Algumas vezes voltam, outra não.

Iremos preferir a brincadeira correspondida. 

Brincar sozinho não tem graça! 

Pensemos nisso! 

Alda M S Santos

No banco de trás 

NO BANCO DE TRÁS

Nossa vida passa por momentos de alternância, muitas vezes sem percebermos. 

Nossa maneira de lidar com esse revezamento natural determina nossa paz diária.

Numa fase, temos o controle de nossas vidas, estamos ao volante, guiamos para onde queremos, do jeito que queremos.

Nossos filhos viajam atrás, confortáveis em suas cadeirinhas, ou já sentados no banco de trás. 

Aceitam o destino por nós escolhido. Confiam, se entregam, observam, aprendem. 

Sonham com o dia em que ocuparão o banco do carona ou, melhor ainda, do motorista. 

E chega a hora em que eles passam para a frente, nós passamos para o banco de trás. 

Aí muita sabedoria é necessária. De motoristas e passageiros. 

Passageiros precisam confiar no novo motorista, nos ensinamentos que eles receberam e relaxar. Não interferir tanto. 

O “controle” de certa forma está com eles. 

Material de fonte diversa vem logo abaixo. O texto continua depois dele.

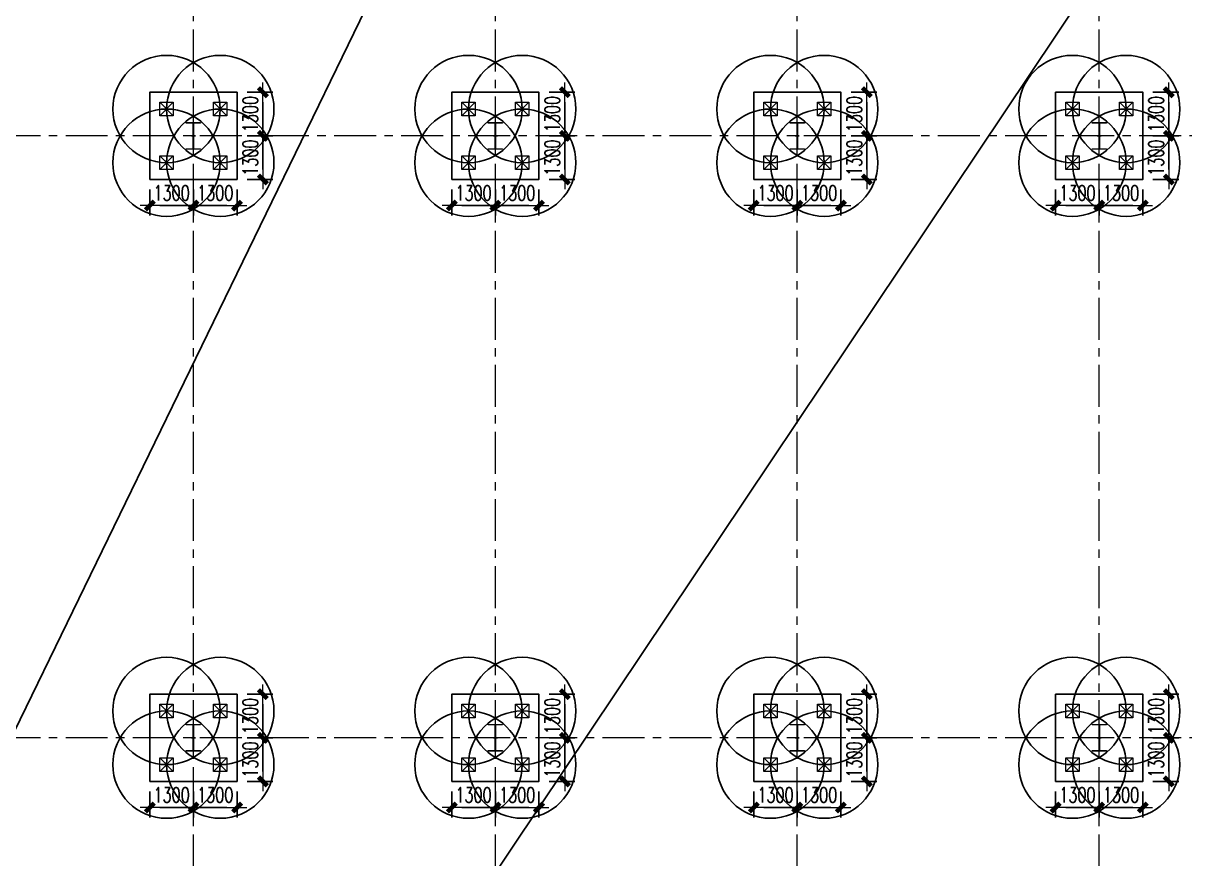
# Model space of a CAD drawing. Extents: x -1201378 to 2367219, y -619313 to 244905.
# Drawn here: x -178831 to -144210, y -240906 to -215989 of the extents above; entities that cross this region are included whole.
import ezdxf

# ---------------------------------------------------------------- set-up
doc = ezdxf.new("R2010")
doc.units = 0
doc.header["$LTSCALE"] = 1000
doc.linetypes.add('CENTER', pattern=[2, 1.25, -0.25, 0.25, -0.25])
doc.layers.get('0').update_dxf_attribs({"linetype": 'CONTINUOUS'})
doc.layers.get('Defpoints').update_dxf_attribs({"linetype": 'CONTINUOUS'})
for name, color, linetype in [('A-WINDOW', 140, 'CONTINUOUS'), ('S-DOTE1', 140, 'CENTER'), ('S-HATCH1-W', 252, 'CONTINUOUS')]:
    doc.layers.add(name, color=color, linetype=linetype)
for name, color, linetype, lineweight in [('S-axis', 111, 'CONTINUOUS', 0), ('S-col', 2, 'CONTINUOUS', 0), ('S-dim', 81, 'CONTINUOUS', 0), ('S-dote', 5, 'CENTER', 0), ('S-zhuang', 1, 'CONTINUOUS', 0)]:
    doc.layers.add(name, color=color, linetype=linetype, lineweight=lineweight)
doc.styles.add('SS1', font='tj-romans1.shx', dxfattribs={"width": 0.7, "bigfont": 'tj-hztxt1.shx'})
doc.dimstyles.new('S-150-ARCHI', dxfattribs={"dimscale": 150, "dimtxt": 3, "dimasz": 2, "dimexe": 2, "dimexo": 2, "dimgap": 1, "dimtad": 1, "dimdec": 0, "dimzin": 0, "dimdsep": 46, "dimtxsty": 'SS1', "dimblk1": 'TT', "dimblk2": 'TT', "dimsah": 1, "dimcen": 1, "dimclrd": 256, "dimclre": 256, "dimclrt": 256, "dimadec": 0, "dimazin": 0, "dimtfac": 1, "dimtdec": 0, "dimtix": 1, "dimtmove": 2, "dimatfit": 0, "dimldrblk": 'TT', "dimfxl": 2, "dimtolj": 1, "dimtzin": 0, "dimarcsym": 0})

# ---------------------------------------------------------------- blocks, each defined once
blk = doc.blocks.new('w42343243')
at = {"layer": 'S-col'}
blk.add_lwpolyline([(-165069, 621020), (-164639, 621020), (-164639, 621002), (-164848, 621002), (-164848, 620238), (-164639, 620238), (-164639, 620220), (-165069, 620220), (-165069, 620238), (-164860, 620238), (-164860, 621002), (-165069, 621002)], close=True, dxfattribs=at)
blk = doc.blocks.new('42343')
at = {"layer": 'A-WINDOW'}
for p in [(-54000, -35800), (-45000, -35800), (-36000, -35800), (-27000, -35800), (-54000, -53750), (-45000, -53750), (-36000, -53750), (-27000, -53750)]:
    blk.add_blockref('w42343243', p, dxfattribs=at)
blk = doc.blocks.new('3#轴网')
at = {"layer": 'S-dote'}
for p, q in [((-173758.5, -363428.2), (-173758.5, -277944.2)), ((-164758.5, -363428.2), (-164758.5, -277944.2)), ((-155758.5, -363428.2), (-155758.5, -277944.2)), ((-146758.5, -363428.2), (-146758.5, -277944.2)), ((-78316.2, -319348.2), (-273210.6, -319348.2)), ((-78316.2, -337298.2), (-273210.6, -337298.2))]:
    blk.add_line(p, q, dxfattribs=at)
blk = doc.blocks.new('S-ZHUANG-400')
at = {"layer": 'S-zhuang'}
for p, q in [((200, -200), (-200, 200)), ((-200, -200), (200, 200))]:
    blk.add_line(p, q, dxfattribs=at)
blk.add_lwpolyline([(-200, 200), (200, 200), (200, -200), (-200, -200)], close=True, dxfattribs=at)
blk = doc.blocks.new('CT4')
at = {"layer": 'Defpoints'}
for centre in [(-100831, -168442), (-99231, -168442), (-100831, -170042), (-99231, -170042)]:
    blk.add_circle(centre, 1600, dxfattribs=at)
at = {"layer": 'S-DOTE1', "ltscale": 0.25}
for p, q in [((-99971, -169242), (-100091, -169242)), ((-100031, -169182), (-100031, -169302))]:
    blk.add_line(p, q, dxfattribs=at)
at = {"layer": 'S-HATCH1-W'}
blk.add_lwpolyline([(-101331, -170542), (-101331, -167942), (-98731, -167942), (-98731, -170542)], close=True, dxfattribs=at)
at = {"layer": 'S-zhuang', "rotation": 90.00000000000001}
for p in [(-100831, -168442), (-99231, -168442), (-100831, -170042), (-99231, -170042)]:
    blk.add_blockref('S-ZHUANG-400', p, dxfattribs=at)
blk = doc.blocks.new('TT')
blk.add_line((-0.97, 0), (0.97, 0))
at = {"const_width": 0.45}
blk.add_lwpolyline([(-0.44, -0.44), (0.44, 0.44)], dxfattribs=at)
blk = doc.blocks.new('*D1321')
at = {"layer": 'Defpoints', "color": 0, "transparency": 16777216}
for p in [(-175058, -238598), (-173758, -238598), (-173758, -239377)]:
    blk.add_point(p, dxfattribs=at)
at = {"layer": 'S-dim', "lineweight": -2, "transparency": 16777216}
for p, q in [((-175058, -238898), (-175058, -239677)), ((-173758, -238898), (-173758, -239677)), ((-174758, -239377), (-174058, -239377))]:
    blk.add_line(p, q, dxfattribs=at)
at = {"layer": 'S-dim', "lineweight": -2, "transparency": 16777216, "xscale": 300, "yscale": 300, "zscale": 300, "rotation": 180}
blk.add_blockref('TT', (-175058, -239377), dxfattribs=at)
at = {"layer": 'S-dim', "lineweight": -2, "transparency": 16777216, "xscale": 300, "yscale": 300, "zscale": 300}
blk.add_blockref('TT', (-173758, -239377), dxfattribs=at)
at = {"layer": 'S-dim', "transparency": 16777216, "insert": (-174408, -239002), "char_height": 450, "attachment_point": 5, "style": 'SS1'}
blk.add_mtext('\\A1;1300', dxfattribs=at)
blk = doc.blocks.new('*D1322')
at = {"layer": 'Defpoints', "color": 0, "transparency": 16777216}
for p in [(-173758, -238598), (-172458, -238598), (-172458, -239377)]:
    blk.add_point(p, dxfattribs=at)
at = {"layer": 'S-dim', "lineweight": -2, "transparency": 16777216}
for p, q in [((-173758, -238898), (-173758, -239677)), ((-172458, -238898), (-172458, -239677)), ((-173458, -239377), (-172758, -239377))]:
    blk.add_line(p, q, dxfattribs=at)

Motoristas necessitam saber que os passageiros, outrora motoristas, ainda que estejam menos ágeis ou espertos, não desaprenderam o que sabiam. Ainda podem ensinar algo.

São necessários aqui muita tolerância, respeito, gratidão.

Essa relação acontece dentro dos veículos e fora deles. 

Pais e filhos precisam reconhecer que à medida que crescem e envelhecem a situação pode se inverter ou, no mínimo, mudar. 

Aceitar que em qualquer idade todos podem aprender, podem ensinar. 

Num dado ponto notamos que não há supremacia de um sobre o outro, apenas admiração e amor. 

E um pouco de bom humor também não faz mal a ninguém. 

Sabemos que chegará o instante em que nem estaremos mais nesse carro. 

Outras crianças estarão no banco de trás e o ciclo recomeçará. 

Boa viagem! 

Alda M S Santos 

Chapéu de tolo

CHAPÉU DE TOLO

Decepções…

Não temos como fugir delas.

Ouvimos que a decepção é nossa,

Que o outro não é responsável por nos decepcionar,

Nós é que esperamos demais deles…

Isso não diminui em nada aquela insatisfação e tristeza que sentimos.

Ninguém vive sem criar expectativas,

Sem acreditar no outro.

Quanto mais próximas as pessoas,

Quanto mais gostamos delas, mais expectativas criamos.

Portanto, maior risco de tombo, de decepção.

Colocamos o chapéu de tolos, desfilamos por aí cabisbaixos até a próxima.

Uma decepção também não precisa eliminar a pessoa de circulação.

Todos podemos errar, ter fraquezas, decepcionar alguém.

A outra alternativa é não acreditar, não aprofundar.

Viver boiando na superfície, não mergulhar. 

Sem amor, sem expectativas, sem decepções,

Sem vida! 

Muito obrigada! Continuarei a usar o chapéu de tola por aí, como palhacinha.

Quem nunca usou que atire a primeira piada!